> _WHAT TO DO_: Write out every record below exactly as it appears, omitting the pictures.

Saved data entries

------

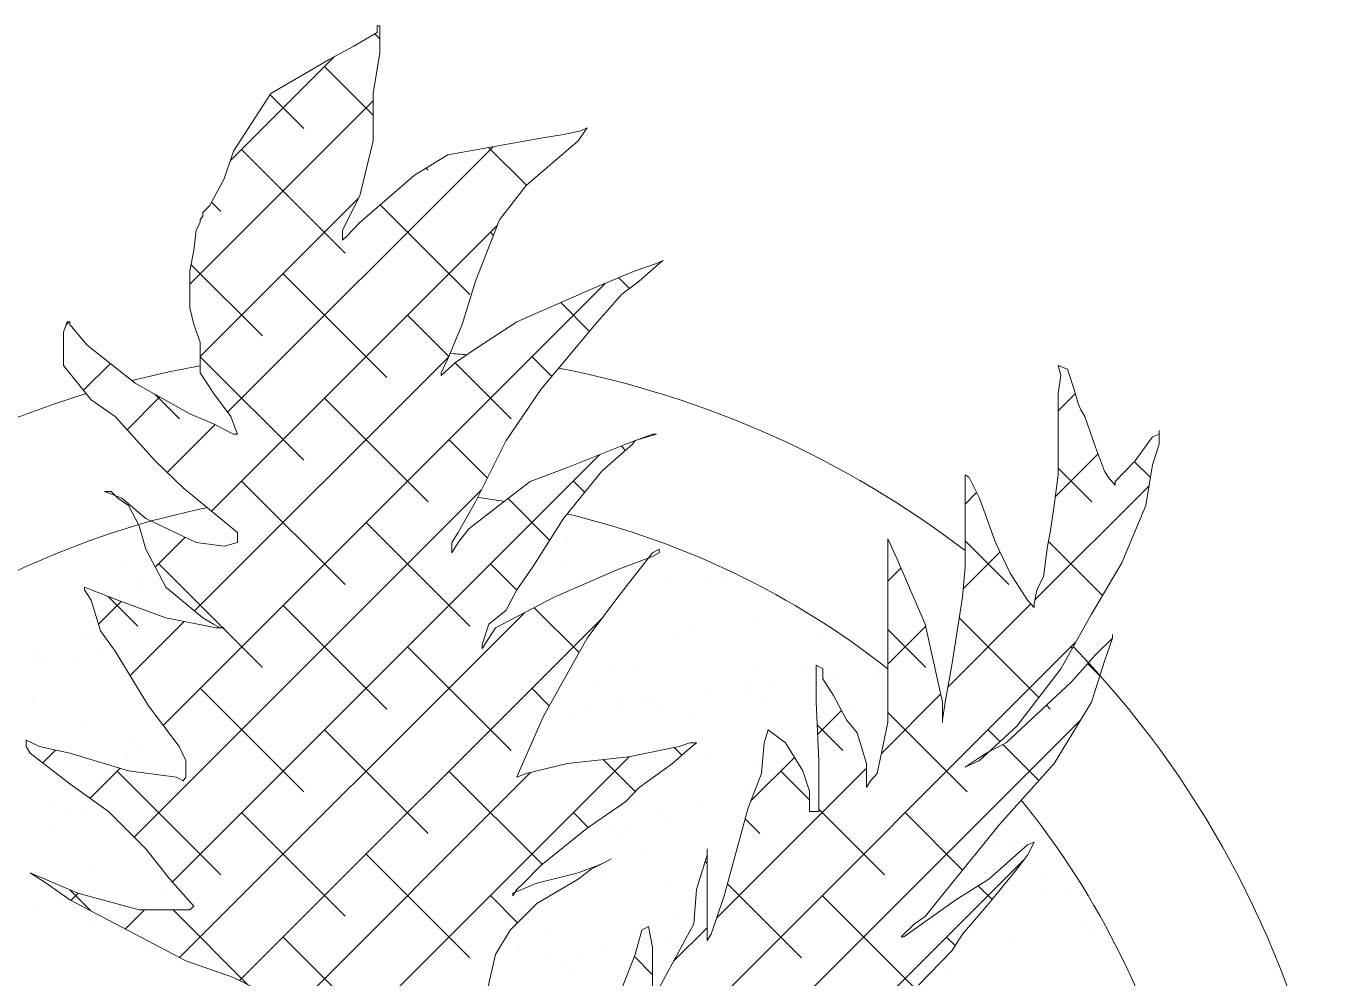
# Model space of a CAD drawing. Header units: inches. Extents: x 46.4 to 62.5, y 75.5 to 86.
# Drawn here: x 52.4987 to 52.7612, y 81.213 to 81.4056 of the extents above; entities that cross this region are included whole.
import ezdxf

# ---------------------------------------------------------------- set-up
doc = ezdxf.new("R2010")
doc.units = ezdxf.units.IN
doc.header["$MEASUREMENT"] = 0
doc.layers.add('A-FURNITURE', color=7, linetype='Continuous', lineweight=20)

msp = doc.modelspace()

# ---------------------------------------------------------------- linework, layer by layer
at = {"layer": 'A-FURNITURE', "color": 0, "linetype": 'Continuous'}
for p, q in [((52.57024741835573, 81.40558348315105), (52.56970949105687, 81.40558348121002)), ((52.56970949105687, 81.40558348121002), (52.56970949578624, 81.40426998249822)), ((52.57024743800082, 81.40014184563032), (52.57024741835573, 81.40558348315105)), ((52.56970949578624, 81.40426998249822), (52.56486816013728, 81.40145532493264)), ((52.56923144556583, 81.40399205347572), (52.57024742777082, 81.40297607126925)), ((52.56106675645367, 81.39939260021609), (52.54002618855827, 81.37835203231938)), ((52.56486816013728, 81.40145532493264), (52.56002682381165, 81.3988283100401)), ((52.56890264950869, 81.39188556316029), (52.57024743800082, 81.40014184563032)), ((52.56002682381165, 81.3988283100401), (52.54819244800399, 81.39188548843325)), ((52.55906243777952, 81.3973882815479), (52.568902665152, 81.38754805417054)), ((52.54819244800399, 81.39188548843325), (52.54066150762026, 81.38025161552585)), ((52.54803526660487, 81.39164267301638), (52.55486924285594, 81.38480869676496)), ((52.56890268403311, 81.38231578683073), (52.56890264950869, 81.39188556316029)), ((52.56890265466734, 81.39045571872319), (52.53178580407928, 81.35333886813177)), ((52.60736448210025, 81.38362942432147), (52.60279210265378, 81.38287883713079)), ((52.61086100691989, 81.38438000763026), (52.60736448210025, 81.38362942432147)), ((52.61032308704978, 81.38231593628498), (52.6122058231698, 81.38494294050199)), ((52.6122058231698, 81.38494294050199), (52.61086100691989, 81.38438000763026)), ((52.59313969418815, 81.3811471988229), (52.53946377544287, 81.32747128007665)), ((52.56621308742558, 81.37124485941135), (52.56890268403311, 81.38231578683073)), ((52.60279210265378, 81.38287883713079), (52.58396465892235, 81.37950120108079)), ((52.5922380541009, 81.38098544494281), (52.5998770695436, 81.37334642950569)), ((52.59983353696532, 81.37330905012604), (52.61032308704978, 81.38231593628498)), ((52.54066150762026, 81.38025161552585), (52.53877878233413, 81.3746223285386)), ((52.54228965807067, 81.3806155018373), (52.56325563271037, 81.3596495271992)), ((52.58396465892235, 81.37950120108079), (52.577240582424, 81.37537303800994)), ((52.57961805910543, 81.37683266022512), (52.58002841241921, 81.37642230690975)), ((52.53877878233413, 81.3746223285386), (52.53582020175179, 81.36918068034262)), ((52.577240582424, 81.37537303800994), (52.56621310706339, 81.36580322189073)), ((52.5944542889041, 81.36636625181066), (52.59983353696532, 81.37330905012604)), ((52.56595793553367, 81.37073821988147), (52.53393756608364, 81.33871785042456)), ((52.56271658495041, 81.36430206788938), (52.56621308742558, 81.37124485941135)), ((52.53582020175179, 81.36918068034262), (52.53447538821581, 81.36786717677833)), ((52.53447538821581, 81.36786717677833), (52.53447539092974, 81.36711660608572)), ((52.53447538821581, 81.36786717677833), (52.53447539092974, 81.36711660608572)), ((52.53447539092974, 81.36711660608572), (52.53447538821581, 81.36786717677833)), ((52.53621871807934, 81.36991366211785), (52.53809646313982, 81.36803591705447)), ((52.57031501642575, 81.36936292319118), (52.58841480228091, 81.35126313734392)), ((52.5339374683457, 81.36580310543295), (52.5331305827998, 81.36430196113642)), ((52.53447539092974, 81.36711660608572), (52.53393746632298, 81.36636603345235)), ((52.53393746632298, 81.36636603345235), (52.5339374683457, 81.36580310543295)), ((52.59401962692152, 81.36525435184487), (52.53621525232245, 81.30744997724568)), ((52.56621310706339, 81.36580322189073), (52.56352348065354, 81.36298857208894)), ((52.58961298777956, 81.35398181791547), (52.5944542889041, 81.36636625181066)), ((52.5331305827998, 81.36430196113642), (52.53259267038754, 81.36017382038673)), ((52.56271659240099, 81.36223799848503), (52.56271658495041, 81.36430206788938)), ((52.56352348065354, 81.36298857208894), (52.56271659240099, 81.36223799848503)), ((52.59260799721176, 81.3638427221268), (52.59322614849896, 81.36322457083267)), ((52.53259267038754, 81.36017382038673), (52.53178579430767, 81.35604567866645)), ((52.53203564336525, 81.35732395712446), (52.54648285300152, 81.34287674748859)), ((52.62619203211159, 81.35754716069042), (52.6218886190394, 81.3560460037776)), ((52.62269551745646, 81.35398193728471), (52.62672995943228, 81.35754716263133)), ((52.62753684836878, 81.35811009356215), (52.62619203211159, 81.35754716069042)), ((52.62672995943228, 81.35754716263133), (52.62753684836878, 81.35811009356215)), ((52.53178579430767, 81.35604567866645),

------

> _RESULT OF THIS EXERCISE_:
# Model space of a CAD drawing. Header units: inches. Extents: x 46.4 to 62.5, y 75.5 to 86.
# Drawn here: x 52.4987 to 52.7612, y 81.213 to 81.4056 of the extents above; entities that cross this region are included whole.
import ezdxf

# ---------------------------------------------------------------- set-up
doc = ezdxf.new("R2010")
doc.units = ezdxf.units.IN
doc.header["$MEASUREMENT"] = 0
doc.layers.add('A-FURNITURE', color=7, linetype='Continuous', lineweight=20)

msp = doc.modelspace()

# ---------------------------------------------------------------- linework, layer by layer
at = {"layer": 'A-FURNITURE', "color": 0, "linetype": 'Continuous'}
for p, q in [((52.57024741835573, 81.40558348315105), (52.56970949105687, 81.40558348121002)), ((52.56970949105687, 81.40558348121002), (52.56970949578624, 81.40426998249822)), ((52.57024743800082, 81.40014184563032), (52.57024741835573, 81.40558348315105)), ((52.56970949578624, 81.40426998249822), (52.56486816013728, 81.40145532493264)), ((52.56923144556583, 81.40399205347572), (52.57024742777082, 81.40297607126925)), ((52.56106675645367, 81.39939260021609), (52.54002618855827, 81.37835203231938)), ((52.56486816013728, 81.40145532493264), (52.56002682381165, 81.3988283100401)), ((52.56890264950869, 81.39188556316029), (52.57024743800082, 81.40014184563032)), ((52.56002682381165, 81.3988283100401), (52.54819244800399, 81.39188548843325)), ((52.55906243777952, 81.3973882815479), (52.568902665152, 81.38754805417054)), ((52.54819244800399, 81.39188548843325), (52.54066150762026, 81.38025161552585)), ((52.54803526660487, 81.39164267301638), (52.55486924285594, 81.38480869676496)), ((52.56890268403311, 81.38231578683073), (52.56890264950869, 81.39188556316029)), ((52.56890265466734, 81.39045571872319), (52.53178580407928, 81.35333886813177)), ((52.60736448210025, 81.38362942432147), (52.60279210265378, 81.38287883713079)), ((52.61086100691989, 81.38438000763026), (52.60736448210025, 81.38362942432147)), ((52.61032308704978, 81.38231593628498), (52.6122058231698, 81.38494294050199)), ((52.6122058231698, 81.38494294050199), (52.61086100691989, 81.38438000763026)), ((52.59313969418815, 81.3811471988229), (52.53946377544287, 81.32747128007665)), ((52.56621308742558, 81.37124485941135), (52.56890268403311, 81.38231578683073)), ((52.60279210265378, 81.38287883713079), (52.58396465892235, 81.37950120108079)), ((52.5922380541009, 81.38098544494281), (52.5998770695436, 81.37334642950569)), ((52.59983353696532, 81.37330905012604), (52.61032308704978, 81.38231593628498)), ((52.54066150762026, 81.38025161552585), (52.53877878233413, 81.3746223285386)), ((52.54228965807067, 81.3806155018373), (52.56325563271037, 81.3596495271992)), ((52.58396465892235, 81.37950120108079), (52.577240582424, 81.37537303800994)), ((52.57961805910543, 81.37683266022512), (52.58002841241921, 81.37642230690975)), ((52.53877878233413, 81.3746223285386), (52.53582020175179, 81.36918068034262)), ((52.577240582424, 81.37537303800994), (52.56621310706339, 81.36580322189073)), ((52.5944542889041, 81.36636625181066), (52.59983353696532, 81.37330905012604)), ((52.56595793553367, 81.37073821988147), (52.53393756608364, 81.33871785042456)), ((52.56271658495041, 81.36430206788938), (52.56621308742558, 81.37124485941135)), ((52.53582020175179, 81.36918068034262), (52.53447538821581, 81.36786717677833)), ((52.53447538821581, 81.36786717677833), (52.53447539092974, 81.36711660608572)), ((52.53447538821581, 81.36786717677833), (52.53447539092974, 81.36711660608572)), ((52.53447539092974, 81.36711660608572), (52.53447538821581, 81.36786717677833)), ((52.53621871807934, 81.36991366211785), (52.53809646313982, 81.36803591705447)), ((52.57031501642575, 81.36936292319118), (52.58841480228091, 81.35126313734392)), ((52.5339374683457, 81.36580310543295), (52.5331305827998, 81.36430196113642)), ((52.53447539092974, 81.36711660608572), (52.53393746632298, 81.36636603345235)), ((52.53393746632298, 81.36636603345235), (52.5339374683457, 81.36580310543295)), ((52.59401962692152, 81.36525435184487), (52.53621525232245, 81.30744997724568)), ((52.56621310706339, 81.36580322189073), (52.56352348065354, 81.36298857208894)), ((52.58961298777956, 81.35398181791547), (52.5944542889041, 81.36636625181066)), ((52.5331305827998, 81.36430196113642), (52.53259267038754, 81.36017382038673)), ((52.56271659240099, 81.36223799848503), (52.56271658495041, 81.36430206788938)), ((52.56352348065354, 81.36298857208894), (52.56271659240099, 81.36223799848503)), ((52.59260799721176, 81.3638427221268), (52.59322614849896, 81.36322457083267)), ((52.53259267038754, 81.36017382038673), (52.53178579430767, 81.35604567866645)), ((52.53203564336525, 81.35732395712446), (52.54648285300152, 81.34287674748859)), ((52.62619203211159, 81.35754716069042), (52.6218886190394, 81.3560460037776)), ((52.62269551745646, 81.35398193728471), (52.62672995943228, 81.35754716263133)), ((52.62753684836878, 81.35811009356215), (52.62619203211159, 81.35754716069042)), ((52.62672995943228, 81.35754716263133), (52.62753684836878, 81.35811009356215)), ((52.53178579430767, 81.35604567866645),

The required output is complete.